Tipsheet

FEC Filings Show Ossoff Fundraised With Cal Cunningham After Adulterous Sex Scandal

Federal Election Commission (FEC) filings show that Georgia Democrat and Senate candidate Jon Ossoff fundraised with disgraced fellow Senate hopeful, Cal Cunningham. Democrats’ Senate nominee in North Carolina is embattled by an adulterous sex scandal that has plagued his candidacy with less than one month until the general election. 

The FEC reports show Joint Fundraising Accounts, Blue Senate 2020 and Justice 2020, that raised significant amounts of money for both Cunningham and Ossoff. No Senate candidates in battleground races, including Ossoff, have yet to weigh in on Cunningham’s extramarital romantic engagements. 

The third-quarter filings also show that Ossoff is still benefiting overwhelmingly from out-of-state donations, as well as indirect corporate contributions. Eighty-seven percent of his donations from his quarter came from states other than Georgia, with 47 percent coming from California, New York and the D.C. area. Just 12 percent of his third-quarter contributions came from Georgia donors. The majority of Ossoff’s campaign has been bankrolled by out-of-state benefactors.

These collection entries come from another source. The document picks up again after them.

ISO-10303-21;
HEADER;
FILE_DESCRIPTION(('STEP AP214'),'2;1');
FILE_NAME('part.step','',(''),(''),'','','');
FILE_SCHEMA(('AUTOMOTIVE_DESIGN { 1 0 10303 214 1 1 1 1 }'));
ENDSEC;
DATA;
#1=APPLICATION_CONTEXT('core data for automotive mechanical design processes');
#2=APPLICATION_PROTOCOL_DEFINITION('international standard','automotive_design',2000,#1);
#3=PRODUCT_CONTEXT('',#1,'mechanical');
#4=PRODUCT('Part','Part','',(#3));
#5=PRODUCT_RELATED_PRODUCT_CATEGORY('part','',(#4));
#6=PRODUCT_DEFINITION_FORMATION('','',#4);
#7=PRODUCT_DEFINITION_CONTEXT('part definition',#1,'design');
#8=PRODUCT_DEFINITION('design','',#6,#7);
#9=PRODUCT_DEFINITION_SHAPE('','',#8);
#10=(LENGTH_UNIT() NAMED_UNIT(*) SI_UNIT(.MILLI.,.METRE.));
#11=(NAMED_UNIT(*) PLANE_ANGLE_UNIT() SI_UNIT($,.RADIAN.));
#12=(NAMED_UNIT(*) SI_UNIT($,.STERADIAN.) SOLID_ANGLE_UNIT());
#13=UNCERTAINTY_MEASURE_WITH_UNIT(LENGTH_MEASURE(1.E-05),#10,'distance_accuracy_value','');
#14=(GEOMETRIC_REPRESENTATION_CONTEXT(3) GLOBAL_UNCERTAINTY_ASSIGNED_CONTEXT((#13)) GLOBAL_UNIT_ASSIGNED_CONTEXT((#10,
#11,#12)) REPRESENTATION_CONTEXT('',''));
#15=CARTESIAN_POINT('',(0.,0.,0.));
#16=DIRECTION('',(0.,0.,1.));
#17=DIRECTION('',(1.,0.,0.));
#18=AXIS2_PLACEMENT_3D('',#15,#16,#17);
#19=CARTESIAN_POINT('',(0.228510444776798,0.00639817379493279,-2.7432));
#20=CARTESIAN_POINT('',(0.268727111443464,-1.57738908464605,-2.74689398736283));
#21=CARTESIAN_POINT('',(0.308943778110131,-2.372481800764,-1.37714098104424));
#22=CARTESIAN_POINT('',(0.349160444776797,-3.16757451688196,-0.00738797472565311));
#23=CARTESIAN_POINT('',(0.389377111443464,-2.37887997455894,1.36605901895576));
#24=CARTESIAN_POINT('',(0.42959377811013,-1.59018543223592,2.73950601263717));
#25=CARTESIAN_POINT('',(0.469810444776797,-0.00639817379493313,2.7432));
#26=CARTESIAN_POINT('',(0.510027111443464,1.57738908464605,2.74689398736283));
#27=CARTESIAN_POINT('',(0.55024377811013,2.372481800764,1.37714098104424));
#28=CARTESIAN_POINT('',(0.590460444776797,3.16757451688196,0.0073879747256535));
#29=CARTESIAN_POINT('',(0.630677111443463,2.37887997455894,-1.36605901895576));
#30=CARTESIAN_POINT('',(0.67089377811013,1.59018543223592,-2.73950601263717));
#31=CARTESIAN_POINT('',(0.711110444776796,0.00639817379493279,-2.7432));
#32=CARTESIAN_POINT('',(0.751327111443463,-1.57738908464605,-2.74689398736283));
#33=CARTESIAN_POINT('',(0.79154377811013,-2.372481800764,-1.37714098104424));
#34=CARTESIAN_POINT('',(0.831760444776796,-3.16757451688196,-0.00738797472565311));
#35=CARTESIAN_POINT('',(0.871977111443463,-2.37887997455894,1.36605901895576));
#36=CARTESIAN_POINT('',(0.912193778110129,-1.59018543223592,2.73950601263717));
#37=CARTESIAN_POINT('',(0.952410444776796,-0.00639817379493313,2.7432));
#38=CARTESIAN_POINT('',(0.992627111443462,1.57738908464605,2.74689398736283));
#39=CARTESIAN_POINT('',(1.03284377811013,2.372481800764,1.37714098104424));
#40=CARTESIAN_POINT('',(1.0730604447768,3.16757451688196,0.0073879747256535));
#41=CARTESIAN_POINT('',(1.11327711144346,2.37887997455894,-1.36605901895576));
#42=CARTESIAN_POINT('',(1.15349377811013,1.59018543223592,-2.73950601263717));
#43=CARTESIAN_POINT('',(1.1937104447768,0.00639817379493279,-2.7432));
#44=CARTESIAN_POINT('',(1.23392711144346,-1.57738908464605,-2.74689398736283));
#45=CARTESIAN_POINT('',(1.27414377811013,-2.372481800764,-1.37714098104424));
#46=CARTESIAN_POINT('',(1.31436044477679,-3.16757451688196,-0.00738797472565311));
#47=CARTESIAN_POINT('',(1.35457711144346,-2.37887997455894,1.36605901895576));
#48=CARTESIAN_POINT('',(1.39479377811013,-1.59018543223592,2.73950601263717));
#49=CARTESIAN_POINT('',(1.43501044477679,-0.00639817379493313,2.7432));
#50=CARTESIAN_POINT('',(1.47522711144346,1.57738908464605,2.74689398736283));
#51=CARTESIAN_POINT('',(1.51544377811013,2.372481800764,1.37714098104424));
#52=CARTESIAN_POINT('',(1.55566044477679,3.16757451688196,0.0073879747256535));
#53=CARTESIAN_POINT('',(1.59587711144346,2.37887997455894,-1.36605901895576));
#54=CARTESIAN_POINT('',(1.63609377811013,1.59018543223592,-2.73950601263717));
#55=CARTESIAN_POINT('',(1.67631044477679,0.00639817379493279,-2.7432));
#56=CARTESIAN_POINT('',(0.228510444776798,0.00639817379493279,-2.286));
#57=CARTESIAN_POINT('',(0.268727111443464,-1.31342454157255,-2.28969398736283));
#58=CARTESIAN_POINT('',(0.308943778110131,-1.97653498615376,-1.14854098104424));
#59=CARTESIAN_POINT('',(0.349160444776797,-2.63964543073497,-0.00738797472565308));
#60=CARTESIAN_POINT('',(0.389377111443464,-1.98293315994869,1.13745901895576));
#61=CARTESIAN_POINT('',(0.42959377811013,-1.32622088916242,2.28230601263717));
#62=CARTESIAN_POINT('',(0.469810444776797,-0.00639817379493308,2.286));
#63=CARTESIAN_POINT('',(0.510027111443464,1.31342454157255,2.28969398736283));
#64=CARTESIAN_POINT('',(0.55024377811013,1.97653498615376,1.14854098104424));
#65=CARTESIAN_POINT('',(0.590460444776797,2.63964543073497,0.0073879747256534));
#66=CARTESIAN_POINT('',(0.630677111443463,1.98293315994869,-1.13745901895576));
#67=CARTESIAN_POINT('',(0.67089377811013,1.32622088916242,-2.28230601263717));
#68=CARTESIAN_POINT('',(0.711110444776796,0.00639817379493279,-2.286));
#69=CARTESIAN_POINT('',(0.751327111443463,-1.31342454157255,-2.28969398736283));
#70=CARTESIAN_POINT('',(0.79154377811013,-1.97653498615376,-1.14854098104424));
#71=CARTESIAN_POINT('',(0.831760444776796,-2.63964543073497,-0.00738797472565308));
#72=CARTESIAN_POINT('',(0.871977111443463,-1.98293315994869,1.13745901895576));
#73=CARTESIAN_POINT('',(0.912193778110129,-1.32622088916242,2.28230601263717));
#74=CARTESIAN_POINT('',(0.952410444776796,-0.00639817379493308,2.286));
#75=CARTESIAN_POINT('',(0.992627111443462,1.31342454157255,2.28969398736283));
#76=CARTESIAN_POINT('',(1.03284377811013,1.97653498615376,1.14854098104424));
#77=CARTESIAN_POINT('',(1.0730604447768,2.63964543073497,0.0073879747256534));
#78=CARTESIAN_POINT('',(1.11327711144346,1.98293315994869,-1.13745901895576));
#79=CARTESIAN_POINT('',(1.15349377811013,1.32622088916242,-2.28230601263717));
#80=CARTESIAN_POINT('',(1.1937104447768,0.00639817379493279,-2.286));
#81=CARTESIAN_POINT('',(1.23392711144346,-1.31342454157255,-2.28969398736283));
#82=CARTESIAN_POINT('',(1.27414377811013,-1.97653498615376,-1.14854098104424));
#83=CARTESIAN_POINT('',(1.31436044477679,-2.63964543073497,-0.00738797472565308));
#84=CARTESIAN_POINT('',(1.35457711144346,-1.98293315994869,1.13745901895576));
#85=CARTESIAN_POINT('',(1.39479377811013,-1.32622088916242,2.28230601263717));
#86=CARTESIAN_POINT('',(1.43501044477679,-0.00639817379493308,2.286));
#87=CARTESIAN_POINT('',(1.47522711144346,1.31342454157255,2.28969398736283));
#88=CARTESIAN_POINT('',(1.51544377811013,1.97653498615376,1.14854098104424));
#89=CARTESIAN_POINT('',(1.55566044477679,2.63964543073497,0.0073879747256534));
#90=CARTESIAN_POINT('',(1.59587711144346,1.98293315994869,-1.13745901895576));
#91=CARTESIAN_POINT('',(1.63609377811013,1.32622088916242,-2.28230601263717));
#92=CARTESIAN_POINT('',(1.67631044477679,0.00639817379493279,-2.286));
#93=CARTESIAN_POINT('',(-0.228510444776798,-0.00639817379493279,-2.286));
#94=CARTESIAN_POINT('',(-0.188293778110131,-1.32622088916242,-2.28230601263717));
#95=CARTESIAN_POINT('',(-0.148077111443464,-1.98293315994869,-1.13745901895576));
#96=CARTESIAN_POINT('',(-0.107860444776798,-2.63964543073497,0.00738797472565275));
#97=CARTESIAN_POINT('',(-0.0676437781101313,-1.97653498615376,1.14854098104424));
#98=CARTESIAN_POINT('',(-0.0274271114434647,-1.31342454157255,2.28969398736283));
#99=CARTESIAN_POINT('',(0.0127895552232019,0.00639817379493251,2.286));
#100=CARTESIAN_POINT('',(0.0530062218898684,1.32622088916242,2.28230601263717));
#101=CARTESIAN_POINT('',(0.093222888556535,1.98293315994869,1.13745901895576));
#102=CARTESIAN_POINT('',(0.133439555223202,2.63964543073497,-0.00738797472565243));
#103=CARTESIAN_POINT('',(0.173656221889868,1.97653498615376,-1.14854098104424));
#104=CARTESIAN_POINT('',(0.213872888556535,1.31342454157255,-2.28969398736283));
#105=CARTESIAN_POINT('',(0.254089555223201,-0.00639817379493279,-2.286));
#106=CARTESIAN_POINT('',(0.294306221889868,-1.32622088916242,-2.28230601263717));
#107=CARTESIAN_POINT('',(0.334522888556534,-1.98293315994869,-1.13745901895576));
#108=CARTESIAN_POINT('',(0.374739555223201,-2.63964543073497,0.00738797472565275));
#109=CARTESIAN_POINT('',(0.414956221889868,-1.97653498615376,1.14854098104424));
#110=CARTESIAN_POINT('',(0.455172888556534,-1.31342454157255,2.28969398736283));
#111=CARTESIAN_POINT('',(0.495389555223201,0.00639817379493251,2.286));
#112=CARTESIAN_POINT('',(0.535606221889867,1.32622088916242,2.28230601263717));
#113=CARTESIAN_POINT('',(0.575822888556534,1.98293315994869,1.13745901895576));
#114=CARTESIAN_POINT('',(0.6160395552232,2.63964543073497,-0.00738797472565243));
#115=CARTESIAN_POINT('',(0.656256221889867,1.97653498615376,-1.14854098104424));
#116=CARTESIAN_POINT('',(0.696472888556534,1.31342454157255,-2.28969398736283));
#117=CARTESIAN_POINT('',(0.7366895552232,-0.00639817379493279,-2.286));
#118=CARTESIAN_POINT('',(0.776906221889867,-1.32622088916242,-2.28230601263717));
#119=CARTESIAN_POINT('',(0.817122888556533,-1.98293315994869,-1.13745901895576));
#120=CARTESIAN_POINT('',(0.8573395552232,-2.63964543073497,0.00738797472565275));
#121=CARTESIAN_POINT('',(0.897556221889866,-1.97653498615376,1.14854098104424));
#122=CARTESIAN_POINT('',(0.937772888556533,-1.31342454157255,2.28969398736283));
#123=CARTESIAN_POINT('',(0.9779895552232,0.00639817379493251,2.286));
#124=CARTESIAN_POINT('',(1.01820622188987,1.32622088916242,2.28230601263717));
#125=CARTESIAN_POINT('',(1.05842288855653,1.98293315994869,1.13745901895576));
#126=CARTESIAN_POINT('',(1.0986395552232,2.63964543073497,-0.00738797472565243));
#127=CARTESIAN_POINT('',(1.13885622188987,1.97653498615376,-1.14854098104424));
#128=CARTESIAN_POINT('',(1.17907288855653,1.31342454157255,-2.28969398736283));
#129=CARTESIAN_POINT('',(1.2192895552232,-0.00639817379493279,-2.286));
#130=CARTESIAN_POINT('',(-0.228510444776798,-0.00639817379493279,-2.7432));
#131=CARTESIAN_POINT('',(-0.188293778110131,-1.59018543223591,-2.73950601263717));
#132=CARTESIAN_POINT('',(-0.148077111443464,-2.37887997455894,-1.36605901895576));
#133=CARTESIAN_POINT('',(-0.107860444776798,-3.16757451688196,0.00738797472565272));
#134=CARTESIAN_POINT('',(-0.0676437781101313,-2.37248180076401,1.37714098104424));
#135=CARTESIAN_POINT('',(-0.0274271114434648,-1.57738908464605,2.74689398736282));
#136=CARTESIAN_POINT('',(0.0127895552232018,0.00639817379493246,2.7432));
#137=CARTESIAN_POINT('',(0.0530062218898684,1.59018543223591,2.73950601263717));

"Given his radical socialist agenda, it's no surprise that Jon Ossoff has so much appeal to liberal California billionaires and so little support from the people of Georgia," Perdue for Senate Communications Director John Burke said. "This further shows that Ossoff is hopelessly out of touch with Georgia families and would be nothing more than a rubber stamp for the far left if elected. Senator Perdue is proud to stand for the people of this state, not for the radical socialists from California who are bankrolling Ossoff's candidacy."

Keeping consistent with his hypocritical campaign, the filings show Ossoff greatly benefiting from Leadership PACs, which allow candidates to indirectly receive corporate contributions. In the third quarter, Ossoff received over $50,000 from a host of different Leadership PACs. Despite benefiting from corporate-funded donations indirectly, Ossoff has built much of his campaign around an “anti-big money” sentiment, as so many Democrats do. 

The race between Ossoff and incumbent GOP Sen. David Perdue is a nationally watched contest on November’s Senate map, as the Democrat challenger hopes to be seated in the upper chamber after losing an embarrassingly expensive congressional race in 2017. Cook Political Report rates the race as a toss-up, but Sen. Perdue leads in polling averages.